Eigentlich ist unser Wohnzimmer bereits mit einer guten Soundbar ausgestattet, was das Ansehen von Serien und Filmen akustisch stark aufwertet. Da ich aber überwiegend abends den BR-Player anschmeisse und gerne auch mal die Lautstärke etwas hochregle (Bass, Bass, wir brauchen Bass !!! ), kann das schon mal den Unmut der Gattin nach sich ziehen. Insbesondere dann, wenn ich mir Genre-Filme /-Serien ansehe, bei denen sie automatisch mal ins Nebenzimmer wechselt ("The Walking Dead" beispielsweise muss ich mir stets alleine anschauen... Pfff... Frauen... ).

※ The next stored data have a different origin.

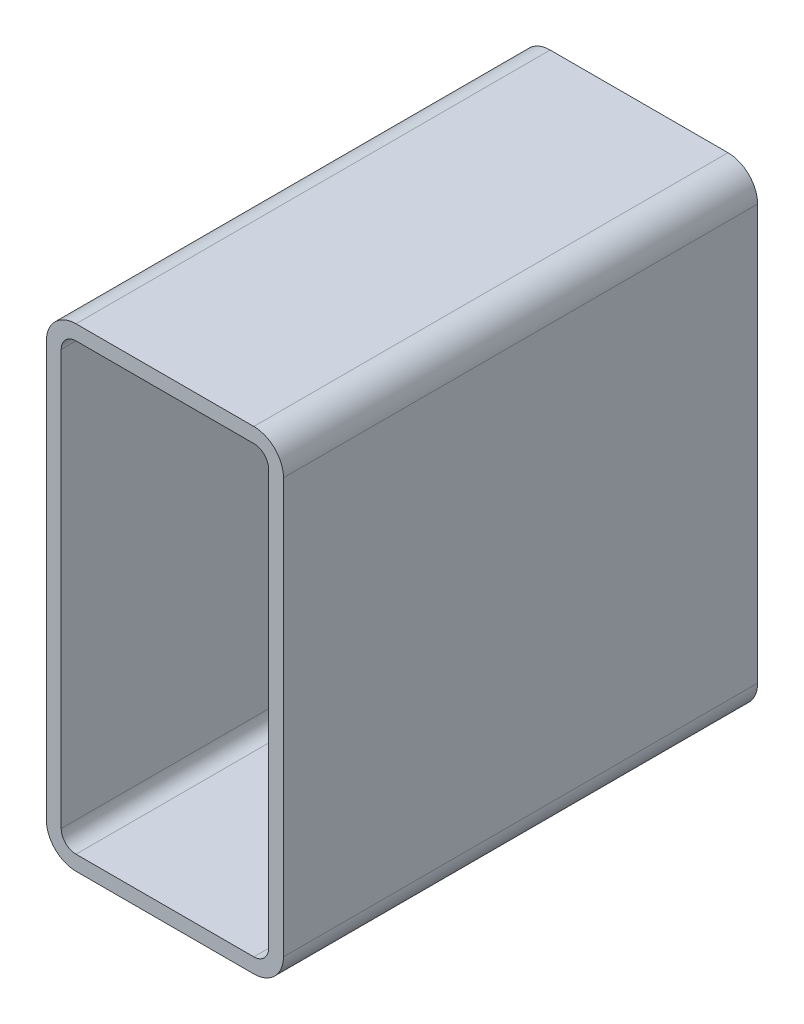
ISO-10303-21;
HEADER;
FILE_DESCRIPTION(('STEP AP214'),'2;1');
FILE_NAME('part.step','',(''),(''),'','','');
FILE_SCHEMA(('AUTOMOTIVE_DESIGN { 1 0 10303 214 1 1 1 1 }'));
ENDSEC;
DATA;
#1=APPLICATION_CONTEXT('core data for automotive mechanical design processes');
#2=APPLICATION_PROTOCOL_DEFINITION('international standard','automotive_design',2000,#1);
#3=PRODUCT_CONTEXT('',#1,'mechanical');
#4=PRODUCT('Part','Part','',(#3));
#5=PRODUCT_RELATED_PRODUCT_CATEGORY('part','',(#4));
#6=PRODUCT_DEFINITION_FORMATION('','',#4);
#7=PRODUCT_DEFINITION_CONTEXT('part definition',#1,'design');
#8=PRODUCT_DEFINITION('design','',#6,#7);
#9=PRODUCT_DEFINITION_SHAPE('','',#8);
#10=(LENGTH_UNIT() NAMED_UNIT(*) SI_UNIT(.MILLI.,.METRE.));
#11=(NAMED_UNIT(*) PLANE_ANGLE_UNIT() SI_UNIT($,.RADIAN.));
#12=(NAMED_UNIT(*) SI_UNIT($,.STERADIAN.) SOLID_ANGLE_UNIT());
#13=UNCERTAINTY_MEASURE_WITH_UNIT(LENGTH_MEASURE(1.E-05),#10,'distance_accuracy_value','');
#14=(GEOMETRIC_REPRESENTATION_CONTEXT(3) GLOBAL_UNCERTAINTY_ASSIGNED_CONTEXT((#13)) GLOBAL_UNIT_ASSIGNED_CONTEXT((#10,
#11,#12)) REPRESENTATION_CONTEXT('',''));
#15=CARTESIAN_POINT('',(0.,0.,0.));
#16=DIRECTION('',(0.,0.,1.));
#17=DIRECTION('',(1.,0.,0.));
#18=AXIS2_PLACEMENT_3D('',#15,#16,#17);
#19=CARTESIAN_POINT('',(19.0973013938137,287.624496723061,304.8));
#20=DIRECTION('',(0.,0.,1.));
#21=DIRECTION('',(1.,0.,0.));
#22=AXIS2_PLACEMENT_3D('',#19,#20,#21);
#23=PLANE('',#22);
#24=CARTESIAN_POINT('',(19.0973013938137,287.624496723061,304.8));
#25=DIRECTION('',(0.,0.,1.));
#26=DIRECTION('',(1.,0.,0.));
#27=AXIS2_PLACEMENT_3D('',#24,#25,#26);
#28=CIRCLE('',#27,19.05);
#29=CARTESIAN_POINT('',(19.0973013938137,306.674496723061,304.8));
#30=VERTEX_POINT('',#29);
#31=CARTESIAN_POINT('',(0.0473013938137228,287.624496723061,304.8));
#32=VERTEX_POINT('',#31);
#33=EDGE_CURVE('E211',#30,#32,#28,.T.);
#34=ORIENTED_EDGE('',*,*,#33,.T.);
#35=DIRECTION('',(0.,-1.,0.));
#36=VECTOR('',#35,1.);
#37=CARTESIAN_POINT('',(0.0473013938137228,20.9244967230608,304.8));
#38=LINE('',#37,#36);
#39=CARTESIAN_POINT('',(0.0473013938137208,20.9244967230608,304.8));
#40=VERTEX_POINT('',#39);
#41=EDGE_CURVE('E214',#32,#40,#38,.T.);
#42=ORIENTED_EDGE('',*,*,#41,.T.);
#43=CARTESIAN_POINT('',(19.0973013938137,20.9244967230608,304.8));
#44=DIRECTION('',(0.,0.,1.));
#45=DIRECTION('',(1.,0.,0.));
#46=AXIS2_PLACEMENT_3D('',#43,#44,#45);
#47=CIRCLE('',#46,19.05);
#48=CARTESIAN_POINT('',(19.0973013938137,1.87449672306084,304.8));
#49=VERTEX_POINT('',#48);
#50=EDGE_CURVE('E217',#40,#49,#47,.T.);
#51=ORIENTED_EDGE('',*,*,#50,.T.);
#52=DIRECTION('',(1.,0.,0.));
#53=VECTOR('',#52,1.);
#54=CARTESIAN_POINT('',(133.397301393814,1.87449672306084,304.8));
#55=LINE('',#54,#53);
#56=CARTESIAN_POINT('',(133.397301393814,1.87449672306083,304.8));
#57=VERTEX_POINT('',#56);
#58=EDGE_CURVE('E219',#49,#57,#55,.T.);
#59=ORIENTED_EDGE('',*,*,#58,.T.);
#60=CARTESIAN_POINT('',(133.397301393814,20.9244967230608,304.8));
#61=DIRECTION('',(0.,0.,1.));
#62=DIRECTION('',(1.,0.,0.));
#63=AXIS2_PLACEMENT_3D('',#60,#61,#62);
#64=CIRCLE('',#63,19.05);
#65=CARTESIAN_POINT('',(152.447301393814,20.9244967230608,304.8));
#66=VERTEX_POINT('',#65);
#67=EDGE_CURVE('E221',#57,#66,#64,.T.);
#68=ORIENTED_EDGE('',*,*,#67,.T.);
#69=DIRECTION('',(0.,1.,0.));
#70=VECTOR('',#69,1.);
#71=CARTESIAN_POINT('',(152.447301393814,287.624496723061,304.8));
#72=LINE('',#71,#70);
#73=CARTESIAN_POINT('',(152.447301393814,287.624496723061,304.8));
#74=VERTEX_POINT('',#73);
#75=EDGE_CURVE('E223',#66,#74,#72,.T.);
#76=ORIENTED_EDGE('',*,*,#75,.T.);
#77=CARTESIAN_POINT('',(133.397301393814,287.624496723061,304.8));
#78=DIRECTION('',(0.,0.,1.));
#79=DIRECTION('',(1.,0.,0.));
#80=AXIS2_PLACEMENT_3D('',#77,#78,#79);
#81=CIRCLE('',#80,19.05);
#82=CARTESIAN_POINT('',(133.397301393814,306.674496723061,304.8));
#83=VERTEX_POINT('',#82);
#84=EDGE_CURVE('E225',#74,#83,#81,.T.);
#85=ORIENTED_EDGE('',*,*,#84,.T.);
#86=DIRECTION('',(-1.,0.,0.));
#87=VECTOR('',#86,1.);
#88=CARTESIAN_POINT('',(19.0973013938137,306.674496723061,304.8));
#89=LINE('',#88,#87);
#90=EDGE_CURVE('E227',#83,#30,#89,.T.);
#91=ORIENTED_EDGE('',*,*,#90,.T.);
#92=EDGE_LOOP('',(#34,#42,#51,#59,#68,#76,#85,#91));
#93=FACE_BOUND('',#92,.T.);
#94=DIRECTION('',(0.,-1.,0.));
#95=VECTOR('',#94,1.);
#96=CARTESIAN_POINT('',(9.57230139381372,20.9244967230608,304.8));
#97=LINE('',#96,#95);
#98=CARTESIAN_POINT('',(9.57230139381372,287.624496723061,304.8));
#99=VERTEX_POINT('',#98);
#100=CARTESIAN_POINT('',(9.57230139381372,20.9244967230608,304.8));
#101=VERTEX_POINT('',#100);
#102=EDGE_CURVE('E154',#99,#101,#97,.T.);
#103=ORIENTED_EDGE('',*,*,#102,.F.);
#104=CARTESIAN_POINT('',(19.0973013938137,287.624496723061,304.8));
#105=DIRECTION('',(0.,0.,1.));
#106=DIRECTION('',(1.,0.,0.));
#107=AXIS2_PLACEMENT_3D('',#104,#105,#106);
#108=CIRCLE('',#107,9.52500000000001);
#109=CARTESIAN_POINT('',(19.0973013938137,297.149496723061,304.8));
#110=VERTEX_POINT('',#109);
#111=EDGE_CURVE('E146',#110,#99,#108,.T.);
#112=ORIENTED_EDGE('',*,*,#111,.F.);
#113=DIRECTION('',(-1.,0.,0.));
#114=VECTOR('',#113,1.);
#115=CARTESIAN_POINT('',(19.0973013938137,297.149496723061,304.8));
#116=LINE('',#115,#114);
#117=CARTESIAN_POINT('',(133.397301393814,297.149496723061,304.8));
#118=VERTEX_POINT('',#117);
#119=EDGE_CURVE('E179',#118,#110,#116,.T.);
#120=ORIENTED_EDGE('',*,*,#119,.F.);
#121=CARTESIAN_POINT('',(133.397301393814,287.624496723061,304.8));
#122=DIRECTION('',(0.,0.,1.));
#123=DIRECTION('',(1.,0.,0.));
#124=AXIS2_PLACEMENT_3D('',#121,#122,#123);
#125=CIRCLE('',#124,9.52500000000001);
#126=CARTESIAN_POINT('',(142.922301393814,287.624496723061,304.8));
#127=VERTEX_POINT('',#126);
#128=EDGE_CURVE('E177',#127,#118,#125,.T.);
#129=ORIENTED_EDGE('',*,*,#128,.F.);
#130=DIRECTION('',(0.,1.,0.));
#131=VECTOR('',#130,1.);
#132=CARTESIAN_POINT('',(142.922301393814,287.624496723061,304.8));
#133=LINE('',#132,#131);
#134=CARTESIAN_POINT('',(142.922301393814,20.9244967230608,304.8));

Aus Rücksicht auf ihre empfindlichen Öhrchen hab ich nun an Funk-Kopfhörer gedacht, die ich im Fall des Falles alternativ zur Soundbar nutzen könnte. Wichtig wäre mir dabei ein satter Sound, umschließende Muscheln und bei Möglichkeit 5.1-Unterstützung (vorausgesetzt, das macht beim Anschluss an die TV-Kopfhörer-Buchse Sinn, aber da der Fernseher ja auch diverse Tonformate direkt unterstützt - wie es moderne Fernseher es ohnehin schon tun -, müsste es demnach ja so sein, oder ?).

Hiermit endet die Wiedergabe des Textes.